Hilfen zur Erziehung
Allgemein
Eltern haben das Recht auf eine Hilfe zur Erziehung (HzE), "wenn eine dem Wohl des Kindes oder des Jugendlichen entsprechende Erziehung nicht gewährleistet ist und die Hilfe für seine Entwicklung geeignet und notwendig ist" (§ 27 Abs. 1 SGB VIII). Hilfen zur Erziehung (§§ 27-35 SGB VIII) richten sich nach dem erzieherischen Bedarf im Einzelfall und werden den Familien oft auch dann angeboten, wenn es bereits zu einer Kindeswohlgefährdung gekommen ist.

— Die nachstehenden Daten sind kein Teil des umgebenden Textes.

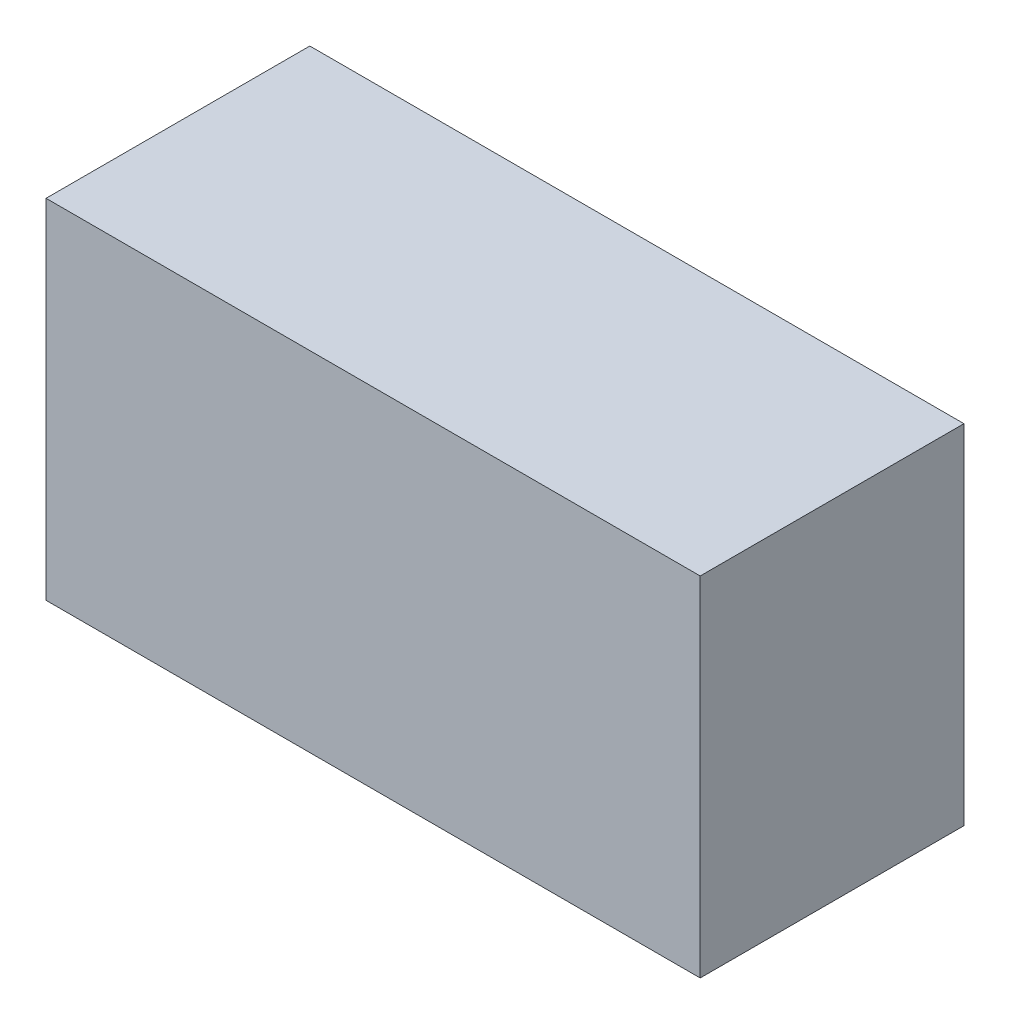
ISO-10303-21;
HEADER;
FILE_DESCRIPTION(('STEP AP214'),'2;1');
FILE_NAME('part.step','',(''),(''),'','','');
FILE_SCHEMA(('AUTOMOTIVE_DESIGN { 1 0 10303 214 1 1 1 1 }'));
ENDSEC;
DATA;
#1=APPLICATION_CONTEXT('core data for automotive mechanical design processes');
#2=APPLICATION_PROTOCOL_DEFINITION('international standard','automotive_design',2000,#1);
#3=PRODUCT_CONTEXT('',#1,'mechanical');
#4=PRODUCT('Part','Part','',(#3));
#5=PRODUCT_RELATED_PRODUCT_CATEGORY('part','',(#4));
#6=PRODUCT_DEFINITION_FORMATION('','',#4);
#7=PRODUCT_DEFINITION_CONTEXT('part definition',#1,'design');
#8=PRODUCT_DEFINITION('design','',#6,#7);
#9=PRODUCT_DEFINITION_SHAPE('','',#8);
#10=(LENGTH_UNIT() NAMED_UNIT(*) SI_UNIT(.MILLI.,.METRE.));
#11=(NAMED_UNIT(*) PLANE_ANGLE_UNIT() SI_UNIT($,.RADIAN.));
#12=(NAMED_UNIT(*) SI_UNIT($,.STERADIAN.) SOLID_ANGLE_UNIT());
#13=UNCERTAINTY_MEASURE_WITH_UNIT(LENGTH_MEASURE(1.E-05),#10,'distance_accuracy_value','');
#14=(GEOMETRIC_REPRESENTATION_CONTEXT(3) GLOBAL_UNCERTAINTY_ASSIGNED_CONTEXT((#13)) GLOBAL_UNIT_ASSIGNED_CONTEXT((#10,
#11,#12)) REPRESENTATION_CONTEXT('',''));
#15=CARTESIAN_POINT('',(0.,0.,0.));
#16=DIRECTION('',(0.,0.,1.));
#17=DIRECTION('',(1.,0.,0.));
#18=AXIS2_PLACEMENT_3D('',#15,#16,#17);
#19=CARTESIAN_POINT('',(0.,33.,-25.));
#20=DIRECTION('',(1.,0.,0.));
#21=DIRECTION('',(0.,0.,-1.));
#22=AXIS2_PLACEMENT_3D('',#19,#20,#21);
#23=PLANE('',#22);
#24=DIRECTION('',(0.,0.,1.));
#25=VECTOR('',#24,1.);
#26=CARTESIAN_POINT('',(0.,0.,-25.));
#27=LINE('',#26,#25);
#28=CARTESIAN_POINT('',(0.,0.,-25.));
#29=VERTEX_POINT('',#28);
#30=CARTESIAN_POINT('',(0.,0.,0.));
#31=VERTEX_POINT('',#30);
#32=EDGE_CURVE('E103',#29,#31,#27,.T.);
#33=ORIENTED_EDGE('',*,*,#32,.T.);
#34=DIRECTION('',(0.,-1.,0.));
#35=VECTOR('',#34,1.);
#36=CARTESIAN_POINT('',(0.,33.,0.));
#37=LINE('',#36,#35);
#38=CARTESIAN_POINT('',(0.,33.,0.));
#39=VERTEX_POINT('',#38);
#40=EDGE_CURVE('E11',#39,#31,#37,.T.);
#41=ORIENTED_EDGE('',*,*,#40,.F.);
#42=DIRECTION('',(0.,0.,1.));
#43=VECTOR('',#42,1.);
#44=CARTESIAN_POINT('',(0.,33.,-25.));
#45=LINE('',#44,#43);
#46=CARTESIAN_POINT('',(0.,33.,-25.));
#47=VERTEX_POINT('',#46);
#48=EDGE_CURVE('E91',#47,#39,#45,.T.);
#49=ORIENTED_EDGE('',*,*,#48,.F.);
#50=DIRECTION('',(0.,-1.,0.));
#51=VECTOR('',#50,1.);
#52=CARTESIAN_POINT('',(0.,33.,-25.));
#53=LINE('',#52,#51);
#54=EDGE_CURVE('E99',#47,#29,#53,.T.);
#55=ORIENTED_EDGE('',*,*,#54,.T.);
#56=EDGE_LOOP('',(#33,#41,#49,#55));
#57=FACE_BOUND('',#56,.T.);
#58=ADVANCED_FACE('F40',(#57),#23,.F.);
#59=CARTESIAN_POINT('',(0.,33.,0.));
#60=DIRECTION('',(0.,0.,-1.));
#61=DIRECTION('',(-1.,0.,0.));
#62=AXIS2_PLACEMENT_3D('',#59,#60,#61);
#63=PLANE('',#62);
#64=DIRECTION('',(1.,0.,0.));
#65=VECTOR('',#64,1.);
#66=CARTESIAN_POINT('',(0.,0.,0.));
#67=LINE('',#66,#65);
#68=CARTESIAN_POINT('',(62.,0.,0.));
#69=VERTEX_POINT('',#68);
#70=EDGE_CURVE('E95',#31,#69,#67,.T.);
#71=ORIENTED_EDGE('',*,*,#70,.T.);
#72=DIRECTION('',(0.,-1.,0.));
#73=VECTOR('',#72,1.);
#74=CARTESIAN_POINT('',(62.,33.,0.));
#75=LINE('',#74,#73);
#76=CARTESIAN_POINT('',(62.,33.,0.));
#77=VERTEX_POINT('',#76);
#78=EDGE_CURVE('E48',#77,#69,#75,.T.);
#79=ORIENTED_EDGE('',*,*,#78,.F.);
#80=DIRECTION('',(1.,0.,0.));
#81=VECTOR('',#80,1.);
#82=CARTESIAN_POINT('',(0.,33.,0.));
#83=LINE('',#82,#81);
#84=EDGE_CURVE('E86',#39,#77,#83,.T.);
#85=ORIENTED_EDGE('',*,*,#84,.F.);
#86=ORIENTED_EDGE('',*,*,#40,.T.);
#87=EDGE_LOOP('',(#71,#79,#85,#86));
#88=FACE_BOUND('',#87,.T.);
#89=ADVANCED_FACE('F94',(#88),#63,.F.);
#90=CARTESIAN_POINT('',(62.,33.,-25.));
#91=DIRECTION('',(-1.,0.,0.));
#92=DIRECTION('',(0.,0.,1.));
#93=AXIS2_PLACEMENT_3D('',#90,#91,#92);
#94=PLANE('',#93);
#95=DIRECTION('',(0.,0.,-1.));
#96=VECTOR('',#95,1.);
#97=CARTESIAN_POINT('',(62.,0.,-25.));
#98=LINE('',#97,#96);
#99=CARTESIAN_POINT('',(62.,0.,-25.));
#100=VERTEX_POINT('',#99);
#101=EDGE_CURVE('E73',#69,#100,#98,.T.);
#102=ORIENTED_EDGE('',*,*,#101,.T.);
#103=DIRECTION('',(0.,-1.,0.));
#104=VECTOR('',#103,1.);
#105=CARTESIAN_POINT('',(62.,33.,-25.));
#106=LINE('',#105,#104);
#107=CARTESIAN_POINT('',(62.,33.,-25.));
#108=VERTEX_POINT('',#107);
#109=EDGE_CURVE('E96',#108,#100,#106,.T.);
#110=ORIENTED_EDGE('',*,*,#109,.F.);
#111=DIRECTION('',(0.,0.,-1.));
#112=VECTOR('',#111,1.);
#113=CARTESIAN_POINT('',(62.,33.,-25.));
#114=LINE('',#113,#112);
#115=EDGE_CURVE('E89',#77,#108,#114,.T.);
#116=ORIENTED_EDGE('',*,*,#115,.F.);
#117=ORIENTED_EDGE('',*,*,#78,.T.);
#118=EDGE_LOOP('',(#102,#110,#116,#117));
#119=FACE_BOUND('',#118,.T.);
#120=ADVANCED_FACE('F97',(#119),#94,.F.);
#121=CARTESIAN_POINT('',(0.,33.,-25.));
#122=DIRECTION('',(0.,0.,1.));
#123=DIRECTION('',(1.,0.,0.));
#124=AXIS2_PLACEMENT_3D('',#121,#122,#123);
#125=PLANE('',#124);
#126=DIRECTION('',(-1.,0.,0.));
#127=VECTOR('',#126,1.);
#128=CARTESIAN_POINT('',(0.,0.,-25.));
#129=LINE('',#128,#127);
#130=EDGE_CURVE('E79',#100,#29,#129,.T.);
#131=ORIENTED_EDGE('',*,*,#130,.T.);
#132=ORIENTED_EDGE('',*,*,#54,.F.);
#133=DIRECTION('',(-1.,0.,0.));
#134=VECTOR('',#133,1.);
#135=CARTESIAN_POINT('',(0.,33.,-25.));
#136=LINE('',#135,#134);
#137=EDGE_CURVE('E56',#108,#47,#136,.T.);
#138=ORIENTED_EDGE('',*,*,#137,.F.);
#139=ORIENTED_EDGE('',*,*,#109,.T.);
#140=EDGE_LOOP('',(#131,#132,#138,#139));
#141=FACE_BOUND('',#140,.T.);
#142=ADVANCED_FACE('F110',(#141),#125,.F.);
#143=CARTESIAN_POINT('',(0.,33.,0.));
#144=DIRECTION('',(0.,1.,0.));
#145=DIRECTION('',(0.,0.,1.));
#146=AXIS2_PLACEMENT_3D('',#143,#144,#145);
#147=PLANE('',#146);
#148=ORIENTED_EDGE('',*,*,#48,.T.);
#149=ORIENTED_EDGE('',*,*,#84,.T.);
#150=ORIENTED_EDGE('',*,*,#115,.T.);
#151=ORIENTED_EDGE('',*,*,#137,.T.);
#152=EDGE_LOOP('',(#148,#149,#150,#151));
#153=FACE_BOUND('',#152,.T.);
#154=ADVANCED_FACE('F87',(#153),#147,.T.);
#155=CARTESIAN_POINT('',(0.,0.,0.));
#156=DIRECTION('',(0.,1.,0.));
#157=DIRECTION('',(0.,0.,1.));
#158=AXIS2_PLACEMENT_3D('',#155,#156,#157);
#159=PLANE('',#158);
#160=ORIENTED_EDGE('',*,*,#32,.F.);
#161=ORIENTED_EDGE('',*,*,#130,.F.);
#162=ORIENTED_EDGE('',*,*,#101,.F.);
#163=ORIENTED_EDGE('',*,*,#70,.F.);
#164=EDGE_LOOP('',(#160,#161,#162,#163));
#165=FACE_BOUND('',#164,.T.);
#166=ADVANCED_FACE('F113',(#165),#159,.F.);
#167=CLOSED_SHELL('',(#58,#89,#120,#142,#154,#166));
#168=MANIFOLD_SOLID_BREP('B2',#167);
#169=ADVANCED_BREP_SHAPE_REPRESENTATION('',(#18,#168),#14);
#170=SHAPE_DEFINITION_REPRESENTATION(#9,#169);
ENDSEC;
END-ISO-10303-21;

Frühe Hilfen werden in der Regel unterhalb dieser Schwelle tätig. Bei komplexen Problemlagen oder für die Abklärung einer möglichen Gefährdung des Kindes haben sich in der Praxis verschiedene Kooperationsmodelle von Frühen Hilfen und HzE etabliert (z.B. Arbeit in der Familie im Tandem mit einer Sozialpädagogischen Familienhilfe).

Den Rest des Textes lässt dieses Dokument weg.